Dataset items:
=-=-=-=-=

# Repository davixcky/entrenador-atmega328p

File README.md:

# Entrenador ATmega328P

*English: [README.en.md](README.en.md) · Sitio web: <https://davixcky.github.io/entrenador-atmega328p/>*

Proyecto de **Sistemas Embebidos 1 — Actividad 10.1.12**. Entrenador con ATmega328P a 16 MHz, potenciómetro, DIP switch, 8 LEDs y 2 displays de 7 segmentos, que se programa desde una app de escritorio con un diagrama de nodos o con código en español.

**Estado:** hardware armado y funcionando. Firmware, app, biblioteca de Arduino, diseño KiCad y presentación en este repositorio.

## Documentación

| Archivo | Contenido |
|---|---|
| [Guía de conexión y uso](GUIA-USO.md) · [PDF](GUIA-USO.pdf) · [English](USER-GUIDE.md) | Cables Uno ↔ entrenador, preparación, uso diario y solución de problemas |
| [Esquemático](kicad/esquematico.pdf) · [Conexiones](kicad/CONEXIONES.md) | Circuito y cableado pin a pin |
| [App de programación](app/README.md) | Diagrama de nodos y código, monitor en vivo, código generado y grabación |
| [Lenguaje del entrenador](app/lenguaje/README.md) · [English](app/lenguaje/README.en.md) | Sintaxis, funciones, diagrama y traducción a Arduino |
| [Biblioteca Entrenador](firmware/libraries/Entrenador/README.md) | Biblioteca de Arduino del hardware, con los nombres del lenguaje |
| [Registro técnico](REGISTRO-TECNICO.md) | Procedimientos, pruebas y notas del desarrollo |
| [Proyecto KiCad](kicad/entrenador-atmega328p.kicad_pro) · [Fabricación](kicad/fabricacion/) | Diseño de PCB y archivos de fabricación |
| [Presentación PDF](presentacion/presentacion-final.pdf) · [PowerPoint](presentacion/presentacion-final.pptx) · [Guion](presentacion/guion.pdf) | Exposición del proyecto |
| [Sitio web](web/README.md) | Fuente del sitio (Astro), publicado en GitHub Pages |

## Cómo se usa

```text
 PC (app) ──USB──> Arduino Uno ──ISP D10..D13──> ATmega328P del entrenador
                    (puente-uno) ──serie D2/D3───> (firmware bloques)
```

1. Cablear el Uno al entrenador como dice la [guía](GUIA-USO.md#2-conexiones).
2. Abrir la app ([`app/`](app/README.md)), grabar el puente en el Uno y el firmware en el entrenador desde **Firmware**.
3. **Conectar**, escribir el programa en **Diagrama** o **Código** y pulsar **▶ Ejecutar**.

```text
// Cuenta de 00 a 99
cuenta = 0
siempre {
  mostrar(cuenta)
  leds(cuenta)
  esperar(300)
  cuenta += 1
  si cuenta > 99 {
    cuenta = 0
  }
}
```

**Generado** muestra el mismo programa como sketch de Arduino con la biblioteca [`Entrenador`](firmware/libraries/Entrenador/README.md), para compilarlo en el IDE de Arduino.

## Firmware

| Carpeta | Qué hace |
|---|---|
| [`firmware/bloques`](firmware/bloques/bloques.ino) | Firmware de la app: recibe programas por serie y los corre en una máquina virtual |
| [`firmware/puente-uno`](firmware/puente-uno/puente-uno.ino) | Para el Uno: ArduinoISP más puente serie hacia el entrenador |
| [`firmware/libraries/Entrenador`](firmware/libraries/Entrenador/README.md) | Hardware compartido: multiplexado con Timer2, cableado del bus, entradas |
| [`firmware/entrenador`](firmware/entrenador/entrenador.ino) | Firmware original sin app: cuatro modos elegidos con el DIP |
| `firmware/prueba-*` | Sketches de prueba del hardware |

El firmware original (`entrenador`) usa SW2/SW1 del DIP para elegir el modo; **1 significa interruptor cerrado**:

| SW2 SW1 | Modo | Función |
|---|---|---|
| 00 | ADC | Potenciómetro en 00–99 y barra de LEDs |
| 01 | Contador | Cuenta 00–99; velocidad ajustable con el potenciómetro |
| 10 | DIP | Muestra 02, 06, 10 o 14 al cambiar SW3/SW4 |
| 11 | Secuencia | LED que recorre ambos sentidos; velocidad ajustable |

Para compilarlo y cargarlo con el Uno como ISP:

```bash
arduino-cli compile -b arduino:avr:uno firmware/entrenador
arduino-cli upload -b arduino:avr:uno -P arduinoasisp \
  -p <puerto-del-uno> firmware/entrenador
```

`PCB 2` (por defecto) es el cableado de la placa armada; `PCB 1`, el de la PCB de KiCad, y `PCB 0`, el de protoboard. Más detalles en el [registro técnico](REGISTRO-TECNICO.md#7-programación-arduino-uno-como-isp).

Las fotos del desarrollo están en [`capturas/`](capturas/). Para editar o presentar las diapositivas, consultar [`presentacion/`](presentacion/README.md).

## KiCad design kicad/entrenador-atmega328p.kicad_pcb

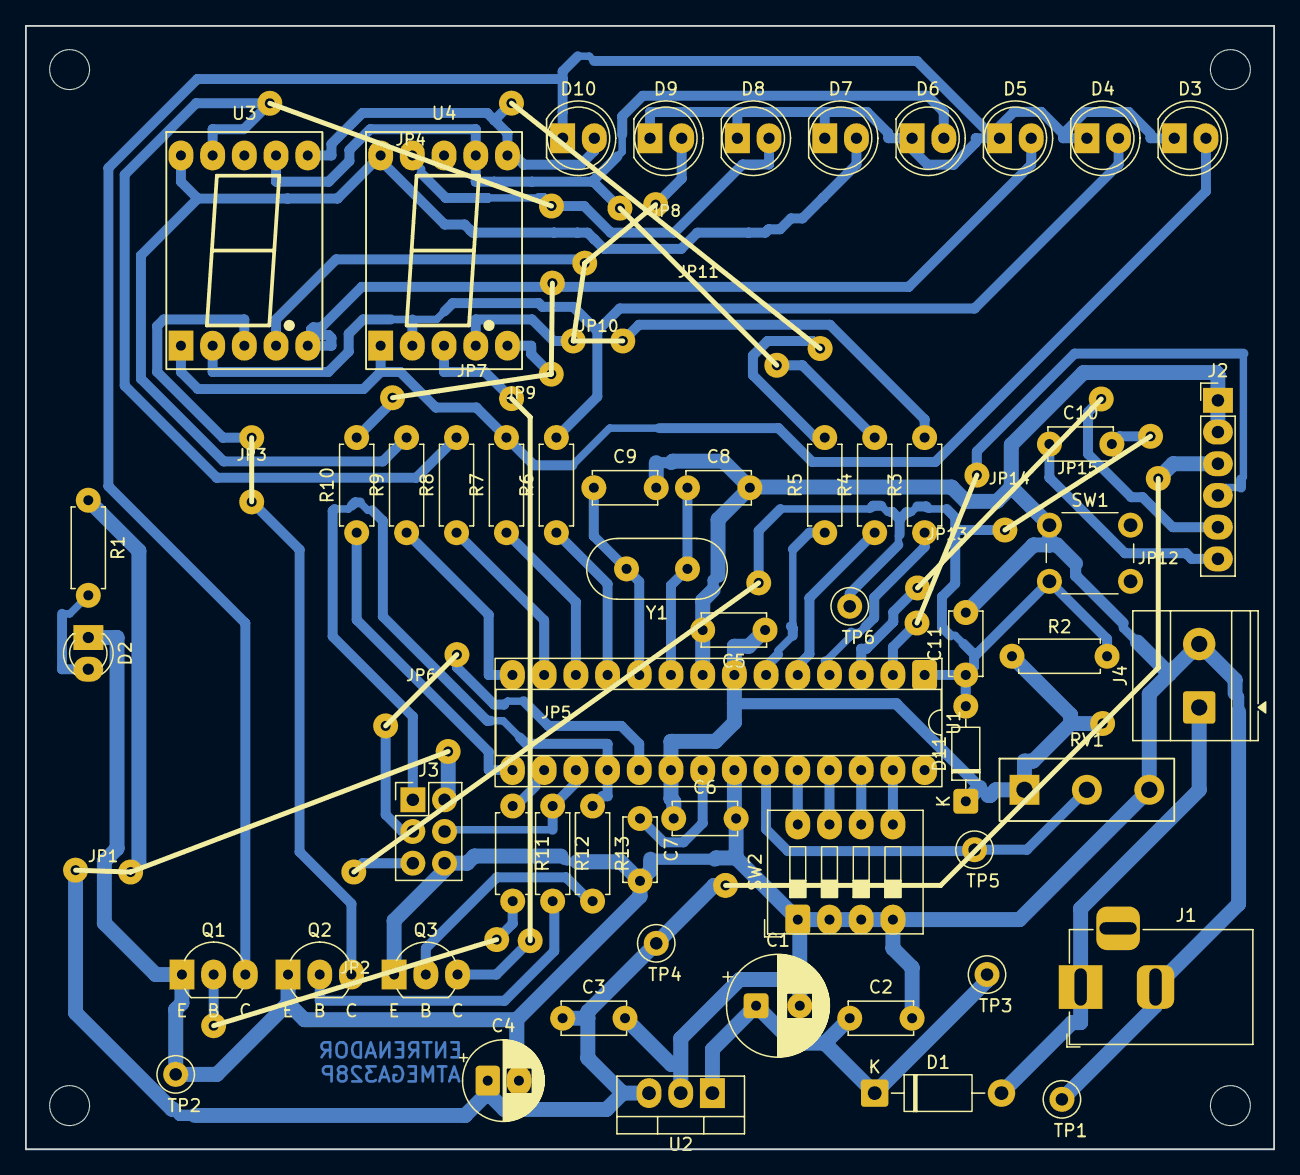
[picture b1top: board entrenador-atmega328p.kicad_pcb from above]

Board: 2 copper layers, 100.0 x 90.0 mm, 75 parts (0 on the bottom side), 43 nets.

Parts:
C1: 100uF/25V; CP_Radial_D8.0mm_P3.50mm
C2: 0.33uF; C_Disc_D5.0mm_W2.5mm_P5.00mm
C3, C5, C6, C7, C10: 0.1uF; C_Disc_D5.0mm_W2.5mm_P5.00mm
C4: 100uF/16V; CP_Radial_D6.3mm_P2.50mm
C8, C9: 22pF; C_Disc_D5.0mm_W2.5mm_P5.00mm
C11: 10nF; C_Disc_D5.0mm_W2.5mm_P5.00mm
D1: 1N4007; D_DO-41_SOD81_P10.16mm_Horizontal
D2: LED ON; LED_D3.0mm
D3: LED0; LED_D5.0mm
D4: LED1; LED_D5.0mm
D5: LED2; LED_D5.0mm
D6: LED3; LED_D5.0mm
D7: LED4; LED_D5.0mm
D8: LED5; LED_D5.0mm
D9: LED6; LED_D5.0mm
D10: LED7; LED_D5.0mm
D11: 1N4148; D_DO-35_SOD27_P7.62mm_Horizontal
H1, H2, H3, H4: MountingHole_3.2mm_M3
J1: 9-12 V DC; BarrelJack_Horizontal
J2: FTDI; PinHeader_1x06_P2.54mm_Vertical
J3: ICSP; PinHeader_2x03_P2.54mm_Vertical
J4: Bornera 9-12 V; TerminalBlock_Phoenix_MKDS-1,5-2-5.08_1x02_P5.08mm_Horizont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
JP1, JP2, JP3, JP4, JP5, JP6, JP7, JP8, JP9, JP10, JP11, JP12, JP13, JP14, JP15: puente; Puente_alambre
Q1, Q2, Q3: 2N2222; TO-92_Inline_Wide
R1, R11, R12, R13: 1k; R_Axial_DIN0207_L6.3mm_D2.5mm_P7.62mm_Horizontal
R2: 10k; R_Axial_DIN0207_L6.3mm_D2.5mm_P7.62mm_Horizontal
R3, R4, R5, R6, R7, R8, R9, R10: 220; R_Axial_DIN0207_L6.3mm_D2.5mm_P7.62mm_Horizontal
RV1: 10k; Pot_3pin_P5.00mm
SW1: Pulsador; SW_PUSH_6mm
SW2: DIP x4; SW_DIP_SPSTx04_Slide_9.78x12.34mm_W7.62mm_P2.54mm
TP1, TP2: GND; TestPoint_Loop_D2.50mm_Drill1.0mm
TP3: VIN; TestPoint_Loop_D2.50mm_Drill1.0mm
TP4: +5V; TestPoint_Loop_D2.50mm_Drill1.0mm
TP5: POT; TestPoint_Loop_D2.50mm_Drill1.0mm
TP6: RESET; TestPoint_Loop_D2.50mm_Drill1.0mm
U1: ATmega328P-PU; DIP-28_W7.62mm_Socket
U2: LM7805; TO-220-3_Vertical
U3: 5161AS DECENAS; Display_5161AS
U4: 5161AS UNIDADES; Display_5161AS
Y1: 16MHz; Crystal_HC49-4H_Vertical

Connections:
+5V: C3.1, C4.1, C5.1, C6.1, D11.1, J2.3, J3.2, JP1.1, JP12.1, R1.1, R2.1, RV1.1, TP4.1, U1.7, U1.20, U2.3
/AREF: C7.1, U1.21
/BUS0: R3.1, U1.4
/BUS1: R4.1, U1.5
/BUS2: R5.1, U1.6
/BUS3: R6.1, U1.11
/BUS4: R7.1, U1.12
/BUS5: R8.1, U1.13
/BUS6: R9.1, U1.14
/BUS7: R10.1, U1.15
/DIP1: SW2.8, U1.24
/DIP2: SW2.7, U1.25
/DIP3: SW2.6, U1.26
/DIP4: SW2.5, U1.27
/DTR: C10.1, J2.6
/K_DEC: JP3.1, Q2.3, U3.3, U3.8
/K_LEDS: D3.1, D4.1, D5.1, D6.1, D7.1, D8.1, D9.1, D10.1, Q1.3
/K_UNI: JP9.1, Q3.3, U4.3, U4.8
/POT: RV1.2, TP5.1, U1.23
/RESET: C10.2, C11.1, D11.2, J3.5, JP5.1, JP15.1, R2.2, SW1.2, TP6.1, U1.1
/RXD: J2.4, JP13.1, U1.2
/SCK: J3.3, JP6.1, U1.19
/SEG_A: D9.2, JP10.1, R3.2, U3.4, U4.4
/SEG_B: D6.2, JP11.1, R4.2, U3.7, U4.7
/SEG_C: D10.2, JP8.1, R5.2, U3.6, U4.6
/SEG_D: D4.2, R6.2, U3.2, U4.2
/SEG_DP: D5.2, JP7.1, R10.2, U3.5, U4.5
/SEG_E: D3.2, R7.2, U3.1, U4.1
/SEG_F: D8.2, JP4.1, R8.2, U3.9, U4.9
/SEG_G: D7.2, R9.2, U3.10, U4.10
/SEL_DEC: J3.4, R12.1, U1.17
/SEL_LED: R11.1, U1.16
/SEL_UNI: J3.1, R13.1, U1.18
/TXD: J2.5, JP14.1, U1.3
/VIN: C1.1, C2.1, D1.1, TP3.1, U2.1
/VIN_RAW: D1.2, J1.1, J4.1
/XTAL1: C8.1, U1.9, Y1.1
/XTAL2: C9.1, U1.10, Y1.2
GND: C1.2, C2.2, C3.2, C4.2, C5.2, C6.2, C7.2, C8.2, C9.2, C11.2, D2.1, J1.2, J2.1, J2.2, J3.6, J4.2, Q1.1, Q2.1, Q3.1, RV1.3, SW1.1, SW2.1, SW2.2, SW2.3, SW2.4, TP1.1, TP2.1, U1.8, U1.22, U2.2
unnamed: D2.2, R1.2
unnamed: JP2.1, Q1.2, R11.2
unnamed: Q2.2, R12.2
unnamed: Q3.2, R13.2

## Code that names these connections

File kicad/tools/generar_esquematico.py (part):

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    d1 = sh.part('Diode:1N4007', 'D1', '1N4007', 50.8, yr, r=180,
                 footprint='Diode_THT:D_DO-41_SOD81_P10.16mm_Horizontal')
    sh.cable(j1['1'], (33.02, yr), (38.1, yr), d1['2'])
    sh.label('VIN_RAW', 33.02, yr, 'R')
    sh.net('VIN_RAW', ('J1', '1'), ('D1', '2'))
    xg = j1['2'][0] + 5.08
    yf = j1['2'][1] + 5.08
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    sh.box(157.48, 15.24, 213.36, 96.52, 'RELOJ 16 MHz')
    yx = 40.64
    y1 = sh.part('Device:Crystal', 'Y1', '16MHz', 185.42, yx, footprint='Crystal:Crystal_HC49-4H_Vertical')
    for ref, xc, pin, name, xe, d in (('C8', 175.26, '1', 'XTAL1', 165.1, 'L'),
                                      ('C9', 195.58, '2', 'XTAL2', 205.74, 'R')):
        c = sh.part('Device:C', ref, '22pF', xc, yx + 12.7, footprint=FP_C)
        sh.cable(y1[pin], (xc, yx), (xe, yx))
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    yd = j2['6'][1]
    c10 = sh.part('Device:C', 'C10', '0.1uF', 330.2, yd, r=90, footprint=FP_C, fields=HORIZ)
    sh.cable(j2['6'], (316.23, yd), c10['1'])
    sh.label('DTR', 316.23, yd, 'R')
    sh.cable(c10['2'], (345.44, yd))
    sh.label('RESET', 345.44, yd, 'R')
    sh.net('DTR', ('J2', '6'), ('C10', '1'))
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    for i in range(7):
        sh.wire(kx[i][0], yb, kx[i + 1][0], yb)
    sh.wire(kx[-1][0], yb, kx[-1][0] + 7.62, yb)
    sh.label('K_LEDS', kx[-1][0] + 7.62, yb, 'R')
    sh.text('SEG_A..SEG_DP = líneas del bus que salen de R3..R10 (bit 0..7).\n'
            'Cableado de la placa armada (medido con firmware/prueba-mapeo):\n'
            'LEDi = bit i (LED0 abajo). Segmentos a=6 b=4 c=0 d=7 e=2 f=5 g=3 dp=1.\n'
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    sh.power('GND', col[-1][0] - 5.08, col[-1][1], 'L')
    for p in '1234':
        sh.nets[('SW2', p)] = 'GND'
    sh.text('Pull-up interna (INPUT_PULLUP):\ninterruptor cerrado = 0, abierto = 1.\nDIP1..DIP4 → PC1..PC4 (A1..A4)',
            172.72, 256.54)

    # Botones en escalera: una sola entrada analogica (PC5) para B1..B5. R14..R18 en serie
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            '5. PCB de una cara: el DIP lleva las señales en los pines 8–5 y GND en 1–4 para no cruzar\n'
            '    pistas. Puentes de alambre en kicad/fabricacion/PUENTES.md.\n'
            '6. La placa armada se cableó a mano; el orden del bus es el de SALIDAS, no el de la PCB de kicad/.\n'
            '7. Revisar al armar: emisor de Q1 a GND; SEL_LED, SEL_DEC y SEL_UNI a los pines 16, 17 y 18;\n'
            '    GND del Uno unido al de la placa (sin él el ISP lee la firma 00 00 00).',
            17.78, 252.73, size=1.4)

=-=-=-=-=

**Exercise**
A clean copy is needed of the lines above from the one with "barra de LEDs |" up to and including the one with "[picture b1top: board". Please set it down exactly, with no pictures.

**Answer to the exercise**
| 00 | ADC | Potenciómetro en 00–99 y barra de LEDs |
| 01 | Contador | Cuenta 00–99; velocidad ajustable con el potenciómetro |
| 10 | DIP | Muestra 02, 06, 10 o 14 al cambiar SW3/SW4 |
| 11 | Secuencia | LED que recorre ambos sentidos; velocidad ajustable |

Para compilarlo y cargarlo con el Uno como ISP:

```bash
arduino-cli compile -b arduino:avr:uno firmware/entrenador
arduino-cli upload -b arduino:avr:uno -P arduinoasisp \
  -p <puerto-del-uno> firmware/entrenador
```

`PCB 2` (por defecto) es el cableado de la placa armada; `PCB 1`, el de la PCB de KiCad, y `PCB 0`, el de protoboard. Más detalles en el [registro técnico](REGISTRO-TECNICO.md#7-programación-arduino-uno-como-isp).

Las fotos del desarrollo están en [`capturas/`](capturas/). Para editar o presentar las diapositivas, consultar [`presentacion/`](presentacion/README.md).

## KiCad design kicad/entrenador-atmega328p.kicad_pcb

[picture b1top: board entrenador-atmega328p.kicad_pcb from above]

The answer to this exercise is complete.